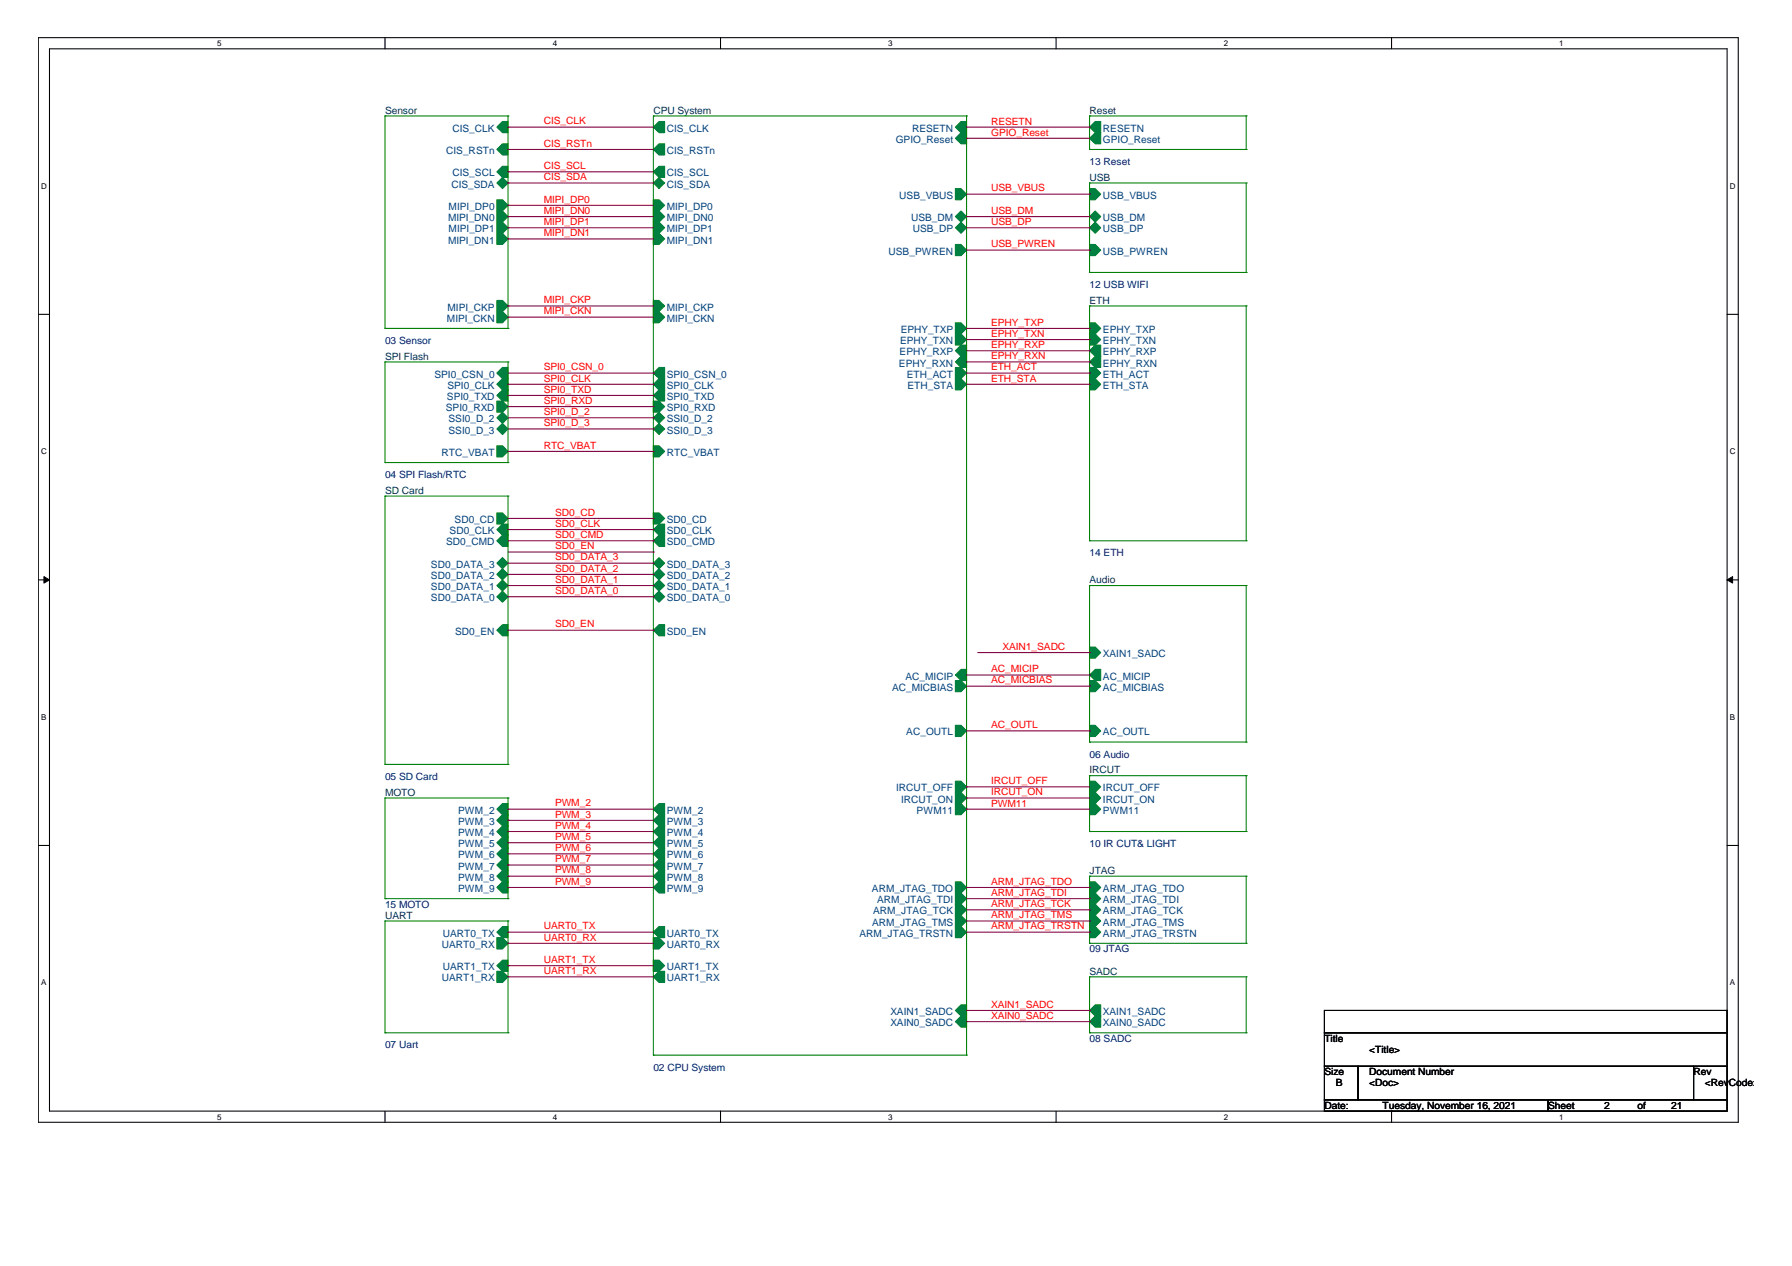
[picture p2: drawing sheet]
<svg xmlns="http://www.w3.org/2000/svg" width="297mm" height="210mm" viewBox="0 0 297 210" stroke-linecap="round" stroke-linejoin="round" font-family="sans-serif">
<path d="M6.3 6.2h281.8v179.9h-281.8zM8.2 8.1h278.1v176.1h-278.1z" fill="none" stroke="#000" stroke-width=".18"/>
<g fill="#fff">
<path d="M36 6.5h.7v1.4h-.7z"/>
<path d="M36 184.4h.7v1.5h-.7z"/>
</g>
<path d="M63.8 6.2v1.9M63.8 184.2v1.9" fill="none" stroke="#000" stroke-width=".18"/>
<g fill="#fff">
<path d="M91.6 6.5h.8v1.4h-.8z"/>
<path d="M91.6 184.4h.8v1.5h-.8z"/>
</g>
<path d="M119.4 6.2v1.9M119.4 184.2v1.9" fill="none" stroke="#000" stroke-width=".18"/>
<g fill="#fff">
<path d="M147.2 6.5h.8v1.4h-.8z"/>
<path d="M147.2 184.4h.8v1.5h-.8z"/>
</g>
<path d="M175 6.2v1.9M175 184.2v1.9" fill="none" stroke="#000" stroke-width=".18"/>
<g fill="#fff">
<path d="M202.8 6.5h.8v1.4h-.8z"/>
<path d="M202.8 184.4h.8v1.5h-.8z"/>
</g>
<path d="M230.7 6.2v1.9M230.7 184.2v1.9" fill="none" stroke="#000" stroke-width=".18"/>
<g fill="#fff">
<path d="M258.5 6.5h.7v1.4h-.7z"/>
<path d="M258.5 184.4h.7v1.5h-.7z"/>
<path d="M6.8 30.1h1v1.5h-1z"/>
<path d="M286.8 30.1h.9v1.5h-.9z"/>
<path d="M6.8 74.2h1v1.4h-1z"/>
<path d="M286.8 74.2h.9v1.4h-.9z"/>
</g>
<path d="M6.3 52.1h1.9M286.3 52.1h1.8" fill="none" stroke="#000" stroke-width=".18"/>
<g fill="#fff">
<path d="M6.8 118.2h.9v1.4h-.9z"/>
<path d="M286.8 118.2h.9v1.4h-.9z"/>
</g>
<path d="M6.3 96.1h1.9M286.3 96.1h1.8" fill="none" stroke="#000" stroke-width=".18"/>
<g fill="#000" stroke="#000" stroke-width=".17">
<path d="M7.3 95.6l.9 .5-.9 .6z" fill-rule="evenodd"/>
<path d="M286.3 96.1l.9-.5v1.1z" fill-rule="evenodd"/>
</g>
<g fill="#fff">
<path d="M6.8 162.2h.9v1.5h-.9z"/>
<path d="M286.8 162.2h.9v1.5h-.9z"/>
</g>
<path d="M6.3 140.2h1.9M286.3 140.2h1.8M219.5 167.5h66.8v3.7h-66.8zM219.5 171.2h66.8v5.6h-66.8zM219.5 176.8h5.6v5.6h-5.6zM225.1 176.8h55.6v5.6h-55.6zM280.7 176.8h5.6v5.6h-5.6zM219.5 182.4h37.1v1.8h-37.1zM256.6 182.4h29.7v1.8h-29.7z" fill="none" stroke="#000" stroke-width=".18"/>
<g fill="#008040" stroke="#008040" stroke-width=".18">
<path d="M180.6 153.6h.9l1 1-1 .9h-.9z" fill-rule="evenodd"/>
<path d="M180.6 151.8h.9l1 .9-1 .9h-.9z" fill-rule="evenodd"/>
<path d="M180.6 149.9h.9l1 .9-1 1h-.9z" fill-rule="evenodd"/>
<path d="M180.6 148.1h.9l1 .9-1 .9h-.9z" fill-rule="evenodd"/>
<path d="M180.6 146.2h.9l1 .9-1 1h-.9z" fill-rule="evenodd"/>
<path d="M83.3 20.1h.9v1.9h-.9l-.9-.9z" fill-rule="evenodd"/>
<path d="M83.3 23.8h.9v1.9h-.9l-.9-.9z" fill-rule="evenodd"/>
<path d="M82.4 51.7h.9l.9 .9-.9 .9h-.9z" fill-rule="evenodd"/>
<path d="M82.4 49.8h.9l.9 .9-.9 1h-.9z" fill-rule="evenodd"/>
<path d="M82.4 28.5l.9-.9h.9v1.8h-.9z" fill-rule="evenodd"/>
<path d="M82.4 30.3l.9-.9 .9 .9-.9 1z" fill-rule="evenodd"/>
<path d="M82.4 33.1h.9l.9 .9-.9 1h-.9z" fill-rule="evenodd"/>
<path d="M82.4 36.8h.9l.9 1-.9 .9h-.9z" fill-rule="evenodd"/>
<path d="M82.4 35h.9l.9 .9-.9 .9h-.9z" fill-rule="evenodd"/>
<path d="M82.4 38.7h.9l.9 .9-.9 .9h-.9z" fill-rule="evenodd"/>
<path d="M180.6 62.8h.9l1 .9-1 .9h-.9z" fill-rule="evenodd"/>
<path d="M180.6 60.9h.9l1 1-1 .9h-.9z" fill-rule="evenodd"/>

--------------------------------------------------

Problem to work on: From the records given above, reproduce all text exactly and exclude each picture.

Answer section:
[picture p2: drawing sheet]
<svg xmlns="http://www.w3.org/2000/svg" width="297mm" height="210mm" viewBox="0 0 297 210" stroke-linecap="round" stroke-linejoin="round" font-family="sans-serif">
<path d="M6.3 6.2h281.8v179.9h-281.8zM8.2 8.1h278.1v176.1h-278.1z" fill="none" stroke="#000" stroke-width=".18"/>
<g fill="#fff">
<path d="M36 6.5h.7v1.4h-.7z"/>
<path d="M36 184.4h.7v1.5h-.7z"/>
</g>
<path d="M63.8 6.2v1.9M63.8 184.2v1.9" fill="none" stroke="#000" stroke-width=".18"/>
<g fill="#fff">
<path d="M91.6 6.5h.8v1.4h-.8z"/>
<path d="M91.6 184.4h.8v1.5h-.8z"/>
</g>
<path d="M119.4 6.2v1.9M119.4 184.2v1.9" fill="none" stroke="#000" stroke-width=".18"/>
<g fill="#fff">
<path d="M147.2 6.5h.8v1.4h-.8z"/>
<path d="M147.2 184.4h.8v1.5h-.8z"/>
</g>
<path d="M175 6.2v1.9M175 184.2v1.9" fill="none" stroke="#000" stroke-width=".18"/>
<g fill="#fff">
<path d="M202.8 6.5h.8v1.4h-.8z"/>
<path d="M202.8 184.4h.8v1.5h-.8z"/>
</g>
<path d="M230.7 6.2v1.9M230.7 184.2v1.9" fill="none" stroke="#000" stroke-width=".18"/>
<g fill="#fff">
<path d="M258.5 6.5h.7v1.4h-.7z"/>
<path d="M258.5 184.4h.7v1.5h-.7z"/>
<path d="M6.8 30.1h1v1.5h-1z"/>
<path d="M286.8 30.1h.9v1.5h-.9z"/>
<path d="M6.8 74.2h1v1.4h-1z"/>
<path d="M286.8 74.2h.9v1.4h-.9z"/>
</g>
<path d="M6.3 52.1h1.9M286.3 52.1h1.8" fill="none" stroke="#000" stroke-width=".18"/>
<g fill="#fff">
<path d="M6.8 118.2h.9v1.4h-.9z"/>
<path d="M286.8 118.2h.9v1.4h-.9z"/>
</g>
<path d="M6.3 96.1h1.9M286.3 96.1h1.8" fill="none" stroke="#000" stroke-width=".18"/>
<g fill="#000" stroke="#000" stroke-width=".17">
<path d="M7.3 95.6l.9 .5-.9 .6z" fill-rule="evenodd"/>
<path d="M286.3 96.1l.9-.5v1.1z" fill-rule="evenodd"/>
</g>
<g fill="#fff">
<path d="M6.8 162.2h.9v1.5h-.9z"/>
<path d="M286.8 162.2h.9v1.5h-.9z"/>
</g>
<path d="M6.3 140.2h1.9M286.3 140.2h1.8M219.5 167.5h66.8v3.7h-66.8zM219.5 171.2h66.8v5.6h-66.8zM219.5 176.8h5.6v5.6h-5.6zM225.1 176.8h55.6v5.6h-55.6zM280.7 176.8h5.6v5.6h-5.6zM219.5 182.4h37.1v1.8h-37.1zM256.6 182.4h29.7v1.8h-29.7z" fill="none" stroke="#000" stroke-width=".18"/>
<g fill="#008040" stroke="#008040" stroke-width=".18">
<path d="M180.6 153.6h.9l1 1-1 .9h-.9z" fill-rule="evenodd"/>
<path d="M180.6 151.8h.9l1 .9-1 .9h-.9z" fill-rule="evenodd"/>
<path d="M180.6 149.9h.9l1 .9-1 1h-.9z" fill-rule="evenodd"/>
<path d="M180.6 148.1h.9l1 .9-1 .9h-.9z" fill-rule="evenodd"/>
<path d="M180.6 146.2h.9l1 .9-1 1h-.9z" fill-rule="evenodd"/>
<path d="M83.3 20.1h.9v1.9h-.9l-.9-.9z" fill-rule="evenodd"/>
<path d="M83.3 23.8h.9v1.9h-.9l-.9-.9z" fill-rule="evenodd"/>
<path d="M82.4 51.7h.9l.9 .9-.9 .9h-.9z" fill-rule="evenodd"/>
<path d="M82.4 49.8h.9l.9 .9-.9 1h-.9z" fill-rule="evenodd"/>
<path d="M82.4 28.5l.9-.9h.9v1.8h-.9z" fill-rule="evenodd"/>
<path d="M82.4 30.3l.9-.9 .9 .9-.9 1z" fill-rule="evenodd"/>
<path d="M82.4 33.1h.9l.9 .9-.9 1h-.9z" fill-rule="evenodd"/>
<path d="M82.4 36.8h.9l.9 1-.9 .9h-.9z" fill-rule="evenodd"/>
<path d="M82.4 35h.9l.9 .9-.9 .9h-.9z" fill-rule="evenodd"/>
<path d="M82.4 38.7h.9l.9 .9-.9 .9h-.9z" fill-rule="evenodd"/>
<path d="M180.6 62.8h.9l1 .9-1 .9h-.9z" fill-rule="evenodd"/>
<path d="M180.6 60.9h.9l1 1-1 .9h-.9z" fill-rule="evenodd"/>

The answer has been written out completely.